What this task involves ::
Repeat the entire listing exactly. Omit all pictures.
━━━━━━━━━━━━━━━━━━━━
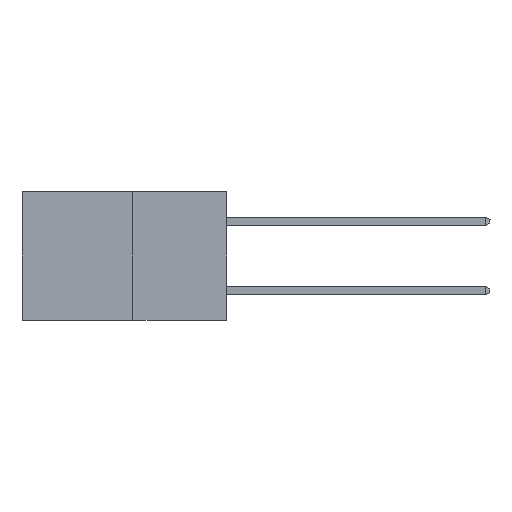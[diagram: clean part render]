
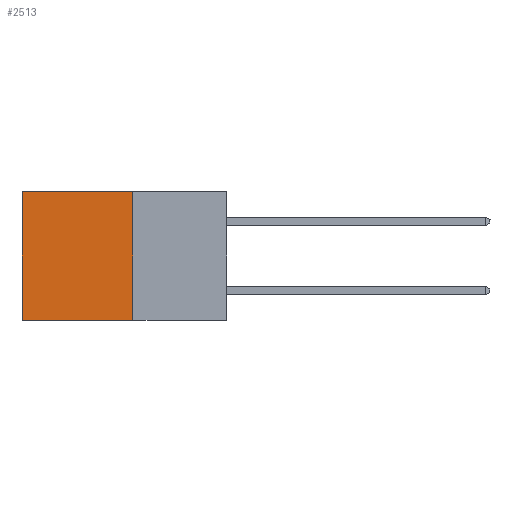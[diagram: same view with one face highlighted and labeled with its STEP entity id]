
A CAD part, left-side view. The second image highlights one B-rep face of the part: STEP entity #2513.
In plain terms, the highlighted planar face has unit normal (-1, 0, 0).
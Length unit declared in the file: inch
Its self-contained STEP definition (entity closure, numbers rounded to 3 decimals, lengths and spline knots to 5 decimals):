
#203 = CARTESIAN_POINT ( 'NONE',  ( 0.277, 0.27, -0.37 ) ) ;
#966 = VERTEX_POINT ( 'NONE', #5282 ) ;
#1464 = CARTESIAN_POINT ( 'NONE',  ( 0.277, 0.27, -0.37 ) ) ;
#1495 = ORIENTED_EDGE ( 'NONE', *, *, #5332, .F. ) ;
#1644 = AXIS2_PLACEMENT_3D ( 'NONE', #1464, #8071, #3570 ) ;
#1674 = EDGE_CURVE ( 'NONE', #5371, #966, #4405, .T. ) ;
#2441 = VECTOR ( 'NONE', #8841, 39.37008 ) ;
#2513 = ADVANCED_FACE ( 'NONE', ( #5702 ), #2567, .F. ) ;
#2567 = PLANE ( 'NONE',  #1644 ) ;
#2918 = DIRECTION ( 'NONE',  ( 0., 0., -1. ) ) ;
#3189 = CARTESIAN_POINT ( 'NONE',  ( 0.277, 0.59, -0.37 ) ) ;
#3322 = LINE ( 'NONE', #6909, #4920 ) ;
#3570 = DIRECTION ( 'NONE',  ( 0., 0., -1. ) ) ;
#4116 = ORIENTED_EDGE ( 'NONE', *, *, #1674, .F. ) ;
#4320 = CARTESIAN_POINT ( 'NONE',  ( 0.277, 0.59, -0.37 ) ) ;
#4330 = LINE ( 'NONE', #8183, #2441 ) ;
#4405 = LINE ( 'NONE', #203, #4611 ) ;
#4429 = CARTESIAN_POINT ( 'NONE',  ( 0.277, 0.59, 0. ) ) ;
#4611 = VECTOR ( 'NONE', #6764, 39.37008 ) ;
#4920 = VECTOR ( 'NONE', #4942, 39.37008 ) ;
#4942 = DIRECTION ( 'NONE',  ( 0., 1., 0. ) ) ;
#4972 = VERTEX_POINT ( 'NONE', #3189 ) ;
#5282 = CARTESIAN_POINT ( 'NONE',  ( 0.277, 0.27, -0.37 ) ) ;
#5332 = EDGE_CURVE ( 'NONE', #966, #4972, #4330, .T. ) ;
#5371 = VERTEX_POINT ( 'NONE', #6890 ) ;
#5702 = FACE_OUTER_BOUND ( 'NONE', #7312, .T. ) ;
#6244 = ORIENTED_EDGE ( 'NONE', *, *, #6292, .T. ) ;
#6245 = VECTOR ( 'NONE', #2918, 39.37008 ) ;
#6292 = EDGE_CURVE ( 'NONE', #5371, #6500, #3322, .T. ) ;
#6356 = EDGE_CURVE ( 'NONE', #6500, #4972, #8045, .T. ) ;
#6500 = VERTEX_POINT ( 'NONE', #4429 ) ;
#6764 = DIRECTION ( 'NONE',  ( 0., 0., -1. ) ) ;
#6890 = CARTESIAN_POINT ( 'NONE',  ( 0.277, 0.27, 0. ) ) ;
#6909 = CARTESIAN_POINT ( 'NONE',  ( 0.277, 0.27, 0. ) ) ;
#7312 = EDGE_LOOP ( 'NONE', ( #7930, #1495, #4116, #6244 ) ) ;
#7930 = ORIENTED_EDGE ( 'NONE', *, *, #6356, .T. ) ;
#8045 = LINE ( 'NONE', #4320, #6245 ) ;
#8071 = DIRECTION ( 'NONE',  ( 1., 0., 0. ) ) ;
#8183 = CARTESIAN_POINT ( 'NONE',  ( 0.277, 0.27, -0.37 ) ) ;
#8841 = DIRECTION ( 'NONE',  ( 0., 1., 0. ) ) ;
━━━━━━━━━━━━━━━━━━━━
Response box ::
[diagram: clean part render]
[diagram: same view with one face highlighted and labeled with its STEP entity id]
A CAD part, left-side view. The second image highlights one B-rep face of the part: STEP entity #2513.
In plain terms, the highlighted planar face has unit normal (-1, 0, 0).
Length unit declared in the file: inch
Its self-contained STEP definition (entity closure, numbers rounded to 3 decimals, lengths and spline knots to 5 decimals):
#203 = CARTESIAN_POINT ( 'NONE',  ( 0.277, 0.27, -0.37 ) ) ;
#966 = VERTEX_POINT ( 'NONE', #5282 ) ;
#1464 = CARTESIAN_POINT ( 'NONE',  ( 0.277, 0.27, -0.37 ) ) ;
#1495 = ORIENTED_EDGE ( 'NONE', *, *, #5332, .F. ) ;
#1644 = AXIS2_PLACEMENT_3D ( 'NONE', #1464, #8071, #3570 ) ;
#1674 = EDGE_CURVE ( 'NONE', #5371, #966, #4405, .T. ) ;
#2441 = VECTOR ( 'NONE', #8841, 39.37008 ) ;
#2513 = ADVANCED_FACE ( 'NONE', ( #5702 ), #2567, .F. ) ;
#2567 = PLANE ( 'NONE',  #1644 ) ;
#2918 = DIRECTION ( 'NONE',  ( 0., 0., -1. ) ) ;
#3189 = CARTESIAN_POINT ( 'NONE',  ( 0.277, 0.59, -0.37 ) ) ;
#3322 = LINE ( 'NONE', #6909, #4920 ) ;
#3570 = DIRECTION ( 'NONE',  ( 0., 0., -1. ) ) ;
#4116 = ORIENTED_EDGE ( 'NONE', *, *, #1674, .F. ) ;
#4320 = CARTESIAN_POINT ( 'NONE',  ( 0.277, 0.59, -0.37 ) ) ;
#4330 = LINE ( 'NONE', #8183, #2441 ) ;
#4405 = LINE ( 'NONE', #203, #4611 ) ;
#4429 = CARTESIAN_POINT ( 'NONE',  ( 0.277, 0.59, 0. ) ) ;
#4611 = VECTOR ( 'NONE', #6764, 39.37008 ) ;
#4920 = VECTOR ( 'NONE', #4942, 39.37008 ) ;
#4942 = DIRECTION ( 'NONE',  ( 0., 1., 0. ) ) ;
#4972 = VERTEX_POINT ( 'NONE', #3189 ) ;
#5282 = CARTESIAN_POINT ( 'NONE',  ( 0.277, 0.27, -0.37 ) ) ;
#5332 = EDGE_CURVE ( 'NONE', #966, #4972, #4330, .T. ) ;
#5371 = VERTEX_POINT ( 'NONE', #6890 ) ;
#5702 = FACE_OUTER_BOUND ( 'NONE', #7312, .T. ) ;
#6244 = ORIENTED_EDGE ( 'NONE', *, *, #6292, .T. ) ;
#6245 = VECTOR ( 'NONE', #2918, 39.37008 ) ;
#6292 = EDGE_CURVE ( 'NONE', #5371, #6500, #3322, .T. ) ;
#6356 = EDGE_CURVE ( 'NONE', #6500, #4972, #8045, .T. ) ;
#6500 = VERTEX_POINT ( 'NONE', #4429 ) ;
#6764 = DIRECTION ( 'NONE',  ( 0., 0., -1. ) ) ;
#6890 = CARTESIAN_POINT ( 'NONE',  ( 0.277, 0.27, 0. ) ) ;
#6909 = CARTESIAN_POINT ( 'NONE',  ( 0.277, 0.27, 0. ) ) ;
#7312 = EDGE_LOOP ( 'NONE', ( #7930, #1495, #4116, #6244 ) ) ;
#7930 = ORIENTED_EDGE ( 'NONE', *, *, #6356, .T. ) ;
#8045 = LINE ( 'NONE', #4320, #6245 ) ;
#8071 = DIRECTION ( 'NONE',  ( 1., 0., 0. ) ) ;
#8183 = CARTESIAN_POINT ( 'NONE',  ( 0.277, 0.27, -0.37 ) ) ;
#8841 = DIRECTION ( 'NONE',  ( 0., 1., 0. ) ) ;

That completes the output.